→ **DATA SECTION**:
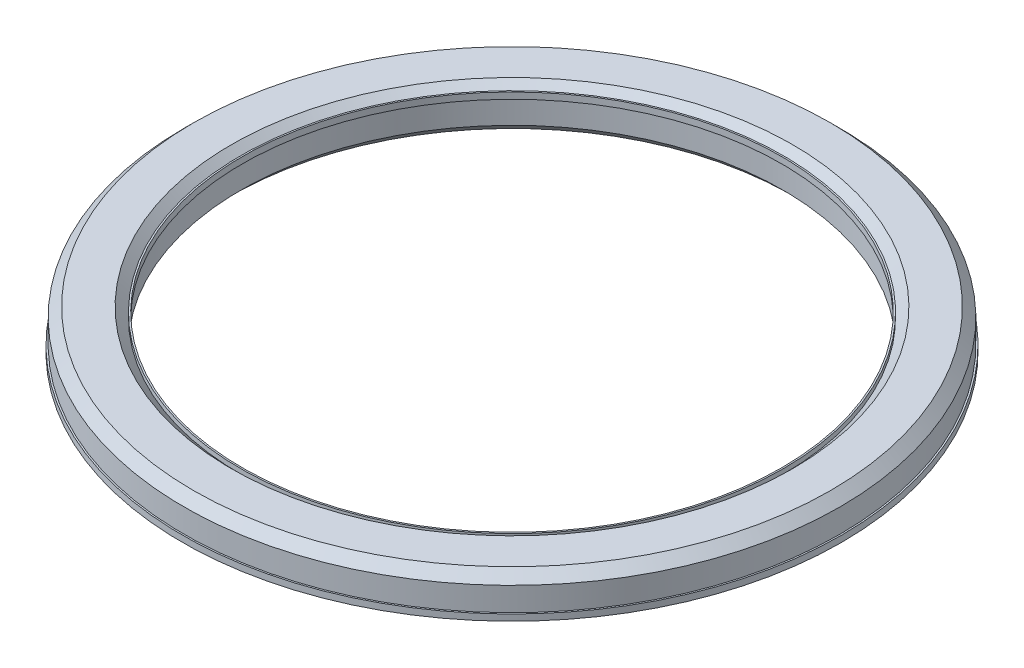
ISO-10303-21;
HEADER;
FILE_DESCRIPTION(('STEP AP214'),'2;1');
FILE_NAME('part.step','',(''),(''),'','','');
FILE_SCHEMA(('AUTOMOTIVE_DESIGN { 1 0 10303 214 1 1 1 1 }'));
ENDSEC;
DATA;
#1=APPLICATION_CONTEXT('core data for automotive mechanical design processes');
#2=APPLICATION_PROTOCOL_DEFINITION('international standard','automotive_design',2000,#1);
#3=PRODUCT_CONTEXT('',#1,'mechanical');
#4=PRODUCT('Part','Part','',(#3));
#5=PRODUCT_RELATED_PRODUCT_CATEGORY('part','',(#4));
#6=PRODUCT_DEFINITION_FORMATION('','',#4);
#7=PRODUCT_DEFINITION_CONTEXT('part definition',#1,'design');
#8=PRODUCT_DEFINITION('design','',#6,#7);
#9=PRODUCT_DEFINITION_SHAPE('','',#8);
#10=(LENGTH_UNIT() NAMED_UNIT(*) SI_UNIT(.MILLI.,.METRE.));
#11=(NAMED_UNIT(*) PLANE_ANGLE_UNIT() SI_UNIT($,.RADIAN.));
#12=(NAMED_UNIT(*) SI_UNIT($,.STERADIAN.) SOLID_ANGLE_UNIT());
#13=UNCERTAINTY_MEASURE_WITH_UNIT(LENGTH_MEASURE(1.E-05),#10,'distance_accuracy_value','');
#14=(GEOMETRIC_REPRESENTATION_CONTEXT(3) GLOBAL_UNCERTAINTY_ASSIGNED_CONTEXT((#13)) GLOBAL_UNIT_ASSIGNED_CONTEXT((#10,
#11,#12)) REPRESENTATION_CONTEXT('',''));
#15=CARTESIAN_POINT('',(0.,0.,0.));
#16=DIRECTION('',(0.,0.,1.));
#17=DIRECTION('',(1.,0.,0.));
#18=AXIS2_PLACEMENT_3D('',#15,#16,#17);
#19=CARTESIAN_POINT('',(0.,-3500.,0.));
#20=DIRECTION('',(0.,-1.,0.));
#21=DIRECTION('',(0.,0.,-1.));
#22=AXIS2_PLACEMENT_3D('',#19,#20,#21);
#23=CONICAL_SURFACE('',#22,86850.,0.785398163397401);
#24=CARTESIAN_POINT('',(0.,-6150.00000000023,0.));
#25=DIRECTION('',(0.,-1.,0.));
#26=DIRECTION('',(0.,0.,-1.));
#27=AXIS2_PLACEMENT_3D('',#24,#25,#26);
#28=CIRCLE('',#27,89500.);
#29=CARTESIAN_POINT('',(89500.,-6150.00000000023,1.60729799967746E-05));
#30=VERTEX_POINT('',#29);
#31=CARTESIAN_POINT('',(89500.,-6150.00000000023,0.));
#32=VERTEX_POINT('',#31);
#33=EDGE_CURVE('E11',#30,#32,#28,.T.);
#34=ORIENTED_EDGE('',*,*,#33,.F.);
#35=DIRECTION('',(0.707106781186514,-0.707106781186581,1.26986739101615E-10));
#36=VECTOR('',#35,1.);
#37=CARTESIAN_POINT('',(89500.,-6150.00000000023,1.60729799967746E-05));
#38=LINE('',#37,#36);
#39=CARTESIAN_POINT('',(86850.,-3500.,1.55970761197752E-05));
#40=VERTEX_POINT('',#39);
#41=EDGE_CURVE('E335',#40,#30,#38,.T.);
#42=ORIENTED_EDGE('',*,*,#41,.F.);
#43=CARTESIAN_POINT('',(0.,-3500.,0.));
#44=DIRECTION('',(0.,-1.,0.));
#45=DIRECTION('',(0.,0.,-1.));
#46=AXIS2_PLACEMENT_3D('',#43,#44,#45);
#47=CIRCLE('',#46,86850.);
#48=CARTESIAN_POINT('',(86850.,-3500.,0.));
#49=VERTEX_POINT('',#48);
#50=EDGE_CURVE('E376',#40,#49,#47,.T.);
#51=ORIENTED_EDGE('',*,*,#50,.T.);
#52=DIRECTION('',(0.707106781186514,-0.707106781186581,0.));
#53=VECTOR('',#52,1.);
#54=CARTESIAN_POINT('',(89500.,-6150.00000000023,0.));
#55=LINE('',#54,#53);
#56=EDGE_CURVE('E288',#49,#32,#55,.T.);
#57=ORIENTED_EDGE('',*,*,#56,.T.);
#58=EDGE_LOOP('',(#34,#42,#51,#57));
#59=FACE_BOUND('',#58,.T.);
#60=ADVANCED_FACE('F39',(#59),#23,.T.);
#61=CARTESIAN_POINT('',(100500.,-6150.00000000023,1.80484300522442E-05));
#62=DIRECTION('',(0.,-1.,0.));
#63=DIRECTION('',(0.,0.,-1.));
#64=AXIS2_PLACEMENT_3D('',#61,#62,#63);
#65=PLANE('',#64);
#66=CARTESIAN_POINT('',(0.,-6150.00000000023,0.));
#67=DIRECTION('',(0.,-1.,0.));
#68=DIRECTION('',(0.,0.,-1.));
#69=AXIS2_PLACEMENT_3D('',#66,#67,#68);
#70=CIRCLE('',#69,100500.);
#71=CARTESIAN_POINT('',(100500.,-6150.00000000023,1.80484300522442E-05));
#72=VERTEX_POINT('',#71);
#73=CARTESIAN_POINT('',(100500.,-6150.00000000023,0.));
#74=VERTEX_POINT('',#73);
#75=EDGE_CURVE('E50',#72,#74,#70,.T.);
#76=ORIENTED_EDGE('',*,*,#75,.F.);
#77=DIRECTION('',(1.,0.,1.79586368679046E-10));
#78=VECTOR('',#77,1.);
#79=CARTESIAN_POINT('',(100500.,-6150.00000000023,1.80484300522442E-05));
#80=LINE('',#79,#78);
#81=EDGE_CURVE('E354',#30,#72,#80,.T.);
#82=ORIENTED_EDGE('',*,*,#81,.F.);
#83=ORIENTED_EDGE('',*,*,#33,.T.);
#84=DIRECTION('',(1.,0.,0.));
#85=VECTOR('',#84,1.);
#86=CARTESIAN_POINT('',(100500.,-6150.00000000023,0.));
#87=LINE('',#86,#85);
#88=EDGE_CURVE('E307',#32,#74,#87,.T.);
#89=ORIENTED_EDGE('',*,*,#88,.T.);
#90=EDGE_LOOP('',(#76,#82,#83,#89));
#91=FACE_BOUND('',#90,.T.);
#92=ADVANCED_FACE('F41',(#91),#65,.F.);
#93=CARTESIAN_POINT('',(0.,-6150.00000000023,0.));
#94=DIRECTION('',(0.,1.,0.));
#95=DIRECTION('',(0.,0.,1.));
#96=AXIS2_PLACEMENT_3D('',#93,#94,#95);
#97=CONICAL_SURFACE('',#96,100500.,0.785398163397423);
#98=CARTESIAN_POINT('',(0.,-3500.,0.));
#99=DIRECTION('',(0.,-1.,0.));
#100=DIRECTION('',(0.,0.,-1.));
#101=AXIS2_PLACEMENT_3D('',#98,#99,#100);
#102=CIRCLE('',#101,103150.);
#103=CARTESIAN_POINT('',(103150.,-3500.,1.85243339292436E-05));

→ **TASK TO CARRY OUT**: From the entries above, write out only the lines starting at the line that holds "#32=VERTEX_POINT('',#31);" and ending at the line that holds "#36=VECTOR('',#35,1.);", keeping both and matching them exactly.

→ **WRITTEN RESPONSE**:
#32=VERTEX_POINT('',#31);
#33=EDGE_CURVE('E11',#30,#32,#28,.T.);
#34=ORIENTED_EDGE('',*,*,#33,.F.);
#35=DIRECTION('',(0.707106781186514,-0.707106781186581,1.26986739101615E-10));
#36=VECTOR('',#35,1.);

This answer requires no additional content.